一旁的玉甸池中,一圈圈莹白的灵韵波纹无声扩散开来。那涟漪从两人灵脉相接之处发源,缓缓向池面四周荡开,每一次灵息起伏,都晕开一圈新的涟漪,涟漪推着涟漪,波纹叠着波纹,在温润的池面上画出一个又一个完美的同心圆。池底铺着的暖玉原石泛着温润的白光,常年恒温的聚灵泉水漫过两人的脚踝,漫过姬真真垂落的素白小腿,氤氲的灵雾从水面袅袅升起,将两人的身影晕染得朦胧柔和,只余下两道交叠的灵韵光影,连带着周遭的空气都变得清甜温润。
月露仙子跪坐在池边的暖玉榻上,心神微荡,指尖无意识地绞着身侧的灵纱巾,目光落在两人身上,一瞬不瞬。她的脸颊泛起一层极淡的绯色,连耳尖都染上了浅浅的红晕,灵息比平日里急促了几分,周身流转的灵力也出现了细微的紊乱——这是修士道心被外界强烈景象触动的正常反应,无关其他。
她忘不掉刚才的画面——姬真真是如何凝神敛气、指尖掐着引灵诀主动引导灵息渡送真龙血气,如何在寒毒被冲开时发出那声闷闷的灵息轻颤,如何自如地切换冰寒与阳和两种灵韵,最后又是如何在灵息收束时,抬起那双清澈无垢、满是坚定的眸子。那画面像一道浅淡却深刻的灵印,牢牢烙在了她的识海之中,闭上眼也挥之不去。

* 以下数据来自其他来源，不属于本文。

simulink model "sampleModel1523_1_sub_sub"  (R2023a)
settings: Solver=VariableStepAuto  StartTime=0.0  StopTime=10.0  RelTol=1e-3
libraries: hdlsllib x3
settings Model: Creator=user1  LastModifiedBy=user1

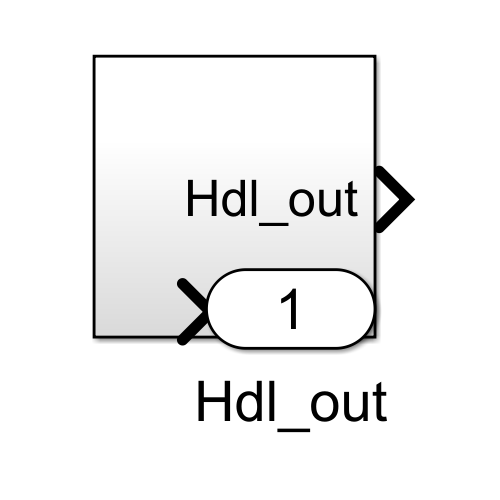
[thumbnail: Simulink's stored preview of the top-level diagram]
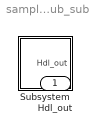
== system sampleModel1523_1_sub_sub ==
  Subsystem : Subsystem
  Hdl_out : Outport  OutDataTypeStr=uint8

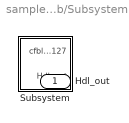
== system sampleModel1523_1_sub_sub/Subsystem ==
  Subsystem : Subsystem
  Hdl_out : Outport  OutDataTypeStr=uint8

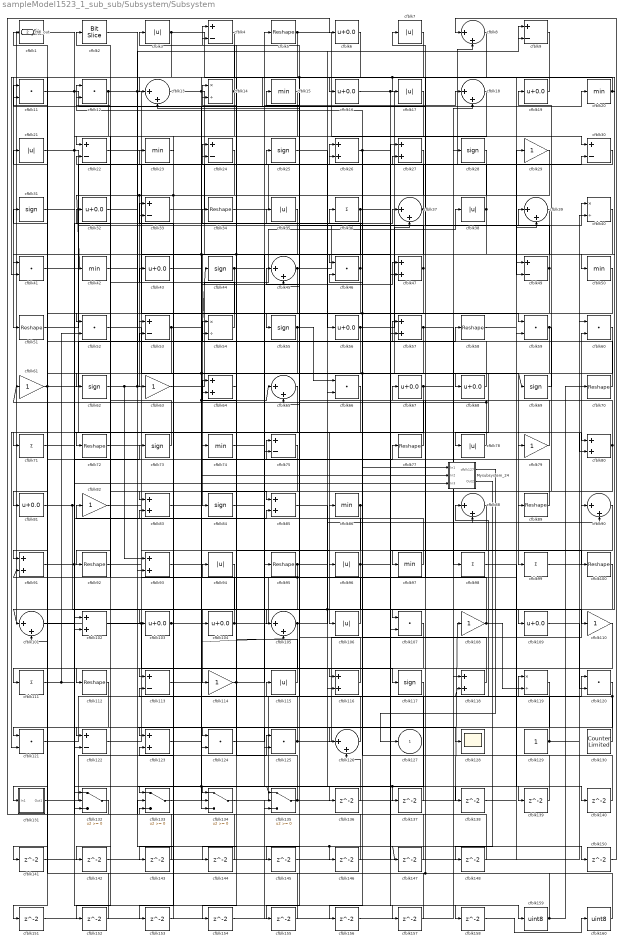
== system sampleModel1523_1_sub_sub/Subsystem/Subsystem ==
  Mysubsystem_24 : Subsystem  TreatAsAtomicUnit=on  RTWFcnName=Mysubsystem_24
      settings: RTWFcnNameOpts=User specified  RTWFileNameOpts=Use function name
  cfblk1 : hdlsllib/Logic and Bit Operations/Detect Rise Nonnegative  vinit=0  OutDataTypeStr=uint8
  cfblk{5,34,51,58,70,72,77,89,92,95,100,112} (12 alike) : Reshape
  cfblk{8,13,18,37,39,45,65,88,90,101,105,126} (12 alike) : Sum  Inputs=|++  OutDataTypeStr=uint8
  cfblk{26..27,47,57,64,80,83,85,91,93,102,116,118,123} (14 alike) : Sum  OutDataTypeStr=uint8
  cfblk{6,16,19,32,43,56,67..68,81,103..104,109} (12 alike) : Bias  Bias=0.0  SaturateOnIntegerOverflow=off
  cfblk{3,7,17,21,35,38,78,94,96,106,115} (11 alike) : Abs  OutDataTypeStr=uint8  SaturateOnIntegerOverflow=off
  cfblk{11..12,41,46,52,59..60,66,107,120..121,124..125} (13 alike) : DotProduct  OutDataTypeStr=uint8
  cfblk{29,61,63,79,82,108,110,114} (8 alike) : Gain  OutDataTypeStr=uint8
  cfblk{36,71,98..99,111} (5 alike) : Sum  Inputs=+  OutDataTypeStr=uint8
  cfblk{4,9,22,24,30,33,49,53,75,113,122} (11 alike) : Sum  Inputs=+-  OutDataTypeStr=uint8
  cfblk{25,28,31,44,55,62,69,73,84,117} (10 alike) : Signum
  cfblk{14,40,54,119} (4 alike) : Product  Inputs=*/  OutDataTypeStr=uint8  RndMeth=Zero  SaturateOnIntegerOverflow=on
  cfblk128 : Scope
  cfblk129 : Constant  OutDataTypeStr=uint8  SampleTime=-1
  cfblk130 : hdlsllib/Sources/Counter Limited  uplimit=7  tsamp=-1
  cfblk131 : Subsystem
      settings: LibrarySourceBlock=|
      | hdlsllib/Ports &
      | Subsystems/Subsystem
  cfblk{132..135} (4 alike) : Switch  OutDataTypeStr=uint8  SaturateOnIntegerOverflow=off  InputSameDT=off
  cfblk{136..148,150..158} (22 alike) : Delay  SampleTime=1
  cfblk{15,20,23,42,50,74,86,97} (8 alike) : MinMax  OutDataTypeStr=uint8
  cfblk159 : DataTypeConversion  OutDataTypeStr=uint8  SaturateOnIntegerOverflow=off  RndMeth=Floor
  cfblk160 : DataTypeConversion  OutDataTypeStr=uint8  SaturateOnIntegerOverflow=off  RndMeth=Floor
  cfblk2 : hdlsllib/Logic and Bit Operations/Bit Slice  lidx=7  ridx=0
  cfblk127 : Outport  OutDataTypeStr=uint8  VectorParamsAs1DForOutWhenUnconnected=off
  Hdl_out : Outport  Port=2  OutDataTypeStr=uint8
  wires:
  Mysubsystem_24/2(Out2) -> cfblk148/1
  Mysubsystem_24/1(cfblk127) -> cfblk127/1
  cfblk160/1 -> cfblk1/1
  cfblk158/1 -> cfblk160/1
  cfblk159/1 -> cfblk67/1, cfblk113/2, cfblk70/1
  cfblk157/1 -> cfblk53/2
  cfblk156/1 -> cfblk18/2
  cfblk155/1 -> cfblk135/2
  cfblk154/1 -> cfblk135/3
  cfblk153/1 -> cfblk123/2
  cfblk152/1 -> cfblk11/2
  cfblk119/1 -> cfblk152/1
  cfblk151/1 -> cfblk118/1
  cfblk150/1 -> cfblk8/1
  cfblk148/1 -> cfblk133/2
  cfblk147/1 -> cfblk83/2
  cfblk146/1 -> cfblk132/1
  cfblk145/1 -> cfblk57/2
  cfblk40/1 -> cfblk145/1
  cfblk144/1 -> cfblk133/3
  cfblk90/1 -> cfblk144/1
  cfblk143/1 -> cfblk102/1
  cfblk29/1 -> cfblk143/1
  cfblk142/1 -> cfblk49/1
  cfblk28/1 -> cfblk142/1
  cfblk141/1 -> cfblk60/1
  cfblk140/1 -> cfblk12/2
  cfblk98/1 -> cfblk140/1
  cfblk139/1 -> cfblk27/1
  cfblk85/1 -> cfblk139/1
  cfblk138/1 -> cfblk59/2
  cfblk84/1 -> cfblk138/1
  cfblk137/1 -> cfblk65/2
  cfblk136/1 -> cfblk126/2
  cfblk42/1 -> cfblk136/1
  cfblk130/1 -> cfblk88/1
  cfblk104/1 -> cfblk39/2, cfblk43/1
  cfblk95/1 -> cfblk123/1, cfblk91/2, cfblk9/1
  cfblk15/1 -> cfblk52/1
  cfblk66/1 -> cfblk121/2
  cfblk116/1 -> cfblk45/1
  cfblk20/1 -> cfblk13/1, cfblk50/1
  cfblk103/1 -> cfblk134/2, Hdl_out/1
  cfblk101/1 -> cfblk35/1
  cfblk110/1 -> cfblk116/1
  cfblk89/1 -> cfblk31/1
  cfblk31/1 -> cfblk33/2
  cfblk36/1 -> cfblk102/2, cfblk158/1
  cfblk120/1 -> cfblk131/1(In1), cfblk118/2
  cfblk73/1 -> cfblk2/1
  cfblk49/1 -> cfblk11/1, cfblk134/3
  cfblk133/1 -> cfblk135/1, cfblk105/2
  cfblk59/1 -> cfblk86/1, cfblk103/1, cfblk89/1
  cfblk6/1 -> cfblk104/1
  cfblk99/1 -> cfblk90/1
  cfblk44/1 -> cfblk95/1, cfblk93/2
  cfblk75/1 -> cfblk122/1
  cfblk32/1 -> cfblk26/1
  cfblk52/1 -> cfblk99/1
  cfblk121/1 -> cfblk119/1
  cfblk26/1 -> Mysubsystem_24/1(In1), cfblk100/1
  cfblk3/1 -> cfblk49/2, cfblk41/2
  cfblk107/1 -> cfblk111/1
  cfblk132/1 -> cfblk6/1
  cfblk1/1 -> cfblk159/1
  cfblk117/1 -> cfblk132/3, cfblk137/1
  cfblk111/1 -> cfblk73/1, cfblk52/2
  cfblk64/1 -> cfblk14/1
  cfblk92/1 -> cfblk96/1
  cfblk124/1 -> cfblk128/1
  cfblk33/1 -> cfblk27/2
  cfblk19/1 -> cfblk16/1
  cfblk91/1 -> cfblk85/2, cfblk107/2
  cfblk114/1 -> cfblk5/1, cfblk34/1
  cfblk80/1 -> cfblk112/1, cfblk26/2
  cfblk68/1 -> cfblk21/1
  cfblk69/1 -> cfblk19/1
  cfblk86/1 -> cfblk126/1, cfblk105/1
  cfblk23/1 -> cfblk113/1
  cfblk70/1 -> cfblk57/1
  cfblk37/1 -> cfblk23/1, cfblk154/1
  cfblk18/1 -> cfblk83/1
  cfblk54/1 -> cfblk32/1
  cfblk126/1 -> cfblk33/1
  cfblk63/1 -> cfblk38/1
  cfblk108/1 -> cfblk12/1, cfblk119/2
  cfblk56/1 -> cfblk37/2, cfblk155/1
  cfblk106/1 -> cfblk24/1
  cfblk43/1 -> cfblk85/1, cfblk69/1
  cfblk50/1 -> cfblk124/2, cfblk156/1
  cfblk30/1 -> cfblk22/2
  cfblk93/1 -> cfblk20/1
  cfblk78/1 -> cfblk61/1, cfblk13/2
  cfblk74/1 -> cfblk18/1
  cfblk34/1 -> cfblk30/2
  cfblk17/1 -> cfblk92/1
  cfblk129/1 -> cfblk40/2, cfblk14/2
  cfblk77/1 -> cfblk36/1
  cfblk5/1 -> cfblk30/1, cfblk64/2
  cfblk115/1 -> cfblk4/1
  cfblk72/1 -> cfblk74/1
  cfblk46/1 -> cfblk24/2, cfblk151/1
  cfblk55/1 -> cfblk81/1, cfblk66/1
  cfblk79/1 -> cfblk3/1
  cfblk27/1 -> cfblk42/1, cfblk53/1
  cfblk83/1 -> cfblk77/1
  cfblk51/1 -> cfblk8/2
  cfblk58/1 -> cfblk29/1
  cfblk71/1 -> cfblk110/1
  cfblk13/1 -> Mysubsystem_24/2(In2), cfblk47/2, cfblk75/2
  cfblk9/1 -> cfblk97/1
  cfblk7/1 -> cfblk55/1, cfblk41/1
  cfblk118/1 -> cfblk46/2
  cfblk21/1 -> cfblk98/1, cfblk79/1
  cfblk60/1 -> cfblk78/1
  cfblk8/1 -> cfblk17/1, cfblk45/2
  cfblk57/1 -> cfblk133/1, cfblk80/1
  cfblk123/1 -> cfblk65/1, cfblk47/1
  cfblk38/1 -> cfblk124/1, cfblk153/1, cfblk7/1
  cfblk25/1 -> cfblk56/1
  cfblk102/1 -> cfblk117/1, cfblk66/2
  cfblk113/1 -> cfblk75/1
  cfblk35/1 -> cfblk71/1
  cfblk53/1 -> cfblk44/1, cfblk122/2
  cfblk105/1 -> cfblk134/1, cfblk88/2
  cfblk14/1 -> cfblk22/1, cfblk4/2
  cfblk100/1 -> cfblk101/1, cfblk116/2
  cfblk112/1 -> cfblk121/1
  cfblk24/1 -> cfblk63/1, cfblk62/1
  cfblk135/1 -> cfblk108/1, cfblk64/1
  cfblk94/1 -> cfblk114/1
  cfblk39/1 -> cfblk84/1
  cfblk125/1 -> cfblk60/2, cfblk115/1
  cfblk96/1 -> cfblk101/2, cfblk54/1, cfblk150/1
  cfblk122/1 -> cfblk58/1
  cfblk67/1 -> cfblk106/1, cfblk90/2
  cfblk61/1 -> cfblk28/1, cfblk141/1
  cfblk12/1 -> cfblk59/1, cfblk125/2, cfblk132/2
  cfblk109/1 -> cfblk120/2
  cfblk11/1 -> cfblk109/1, cfblk157/1
  cfblk88/1 -> cfblk94/1
  cfblk47/1 -> cfblk15/1, cfblk54/2
  cfblk2/1 -> cfblk146/1, cfblk147/1
  cfblk82/1 -> cfblk37/1
  cfblk131/1(Out1) -> cfblk125/1
  cfblk22/1 -> cfblk46/1
  cfblk62/1 -> cfblk25/1, cfblk9/2, cfblk93/1
  cfblk81/1 -> Mysubsystem_24/3(In3), cfblk107/1
  cfblk4/1 -> cfblk51/1
  cfblk45/1 -> cfblk40/1, cfblk91/1
  cfblk134/1 -> cfblk120/1
  cfblk16/1 -> cfblk68/1, cfblk80/2
  cfblk65/1 -> cfblk72/1
  cfblk97/1 -> cfblk82/1
  cfblk41/1 -> cfblk39/1

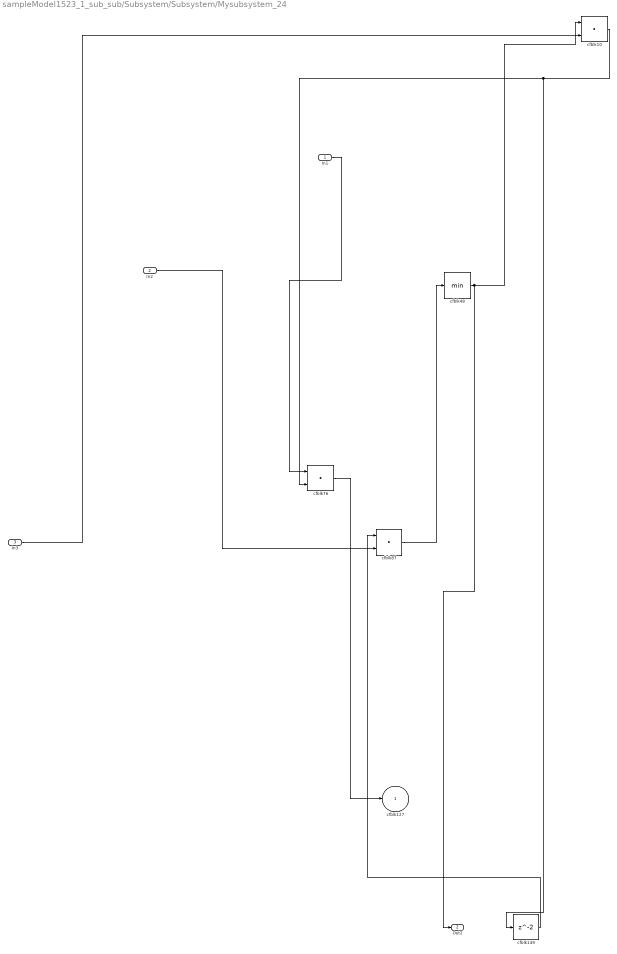
== system sampleModel1523_1_sub_sub/Subsystem/Subsystem/Mysubsystem_24 ==
  In1 : Inport
  In2 : Inport  Port=2
  In3 : Inport  Port=3
  cfblk10 : DotProduct  OutDataTypeStr=Inherit: Inherit via internal rule
  cfblk149 : Delay  SampleTime=1
  cfblk48 : MinMax
  cfblk76 : DotProduct  OutDataTypeStr=Inherit: Inherit via internal rule
  cfblk87 : DotProduct  OutDataTypeStr=Inherit: Inherit via internal rule
  cfblk127 : Outport  VectorParamsAs1DForOutWhenUnconnected=off
  Out2 : Outport  Port=2
  wires:
  cfblk149/1 -> cfblk87/1
  cfblk10/1 -> cfblk76/2, cfblk149/1
  In1/1 -> cfblk76/1
  cfblk48/1 -> Out2/1, cfblk10/1
  In2/1 -> cfblk87/2
  cfblk87/1 -> cfblk48/1
  cfblk76/1 -> cfblk127/1
  In3/1 -> cfblk10/2

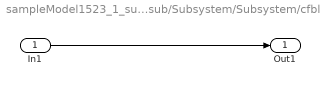
== system sampleModel1523_1_sub_sub/Subsystem/Subsystem/cfblk131 ==
  In1 : Inport
  Out1 : Outport
  wires:
  In1/1 -> Out1/1

她的目光不由自主地飘向姬真真那张清冷的面容,此刻那张脸上还带着一丝未褪尽的灵韵余温,眉心因灵力激荡而微微泛红。方才她看得清清楚楚,圣女在灵脉相接的瞬间,眉心曾紧紧蹙起,下颌也曾轻轻发颤,整个人显然是被磅礴的真龙血气撑到了灵脉承受的极限,指尖掐着的引灵诀都因用力而指节泛白,却偏偏没有半分退缩,反而愈发专注地引导着灵息流转,一寸寸涤荡着经脉深处的寒毒。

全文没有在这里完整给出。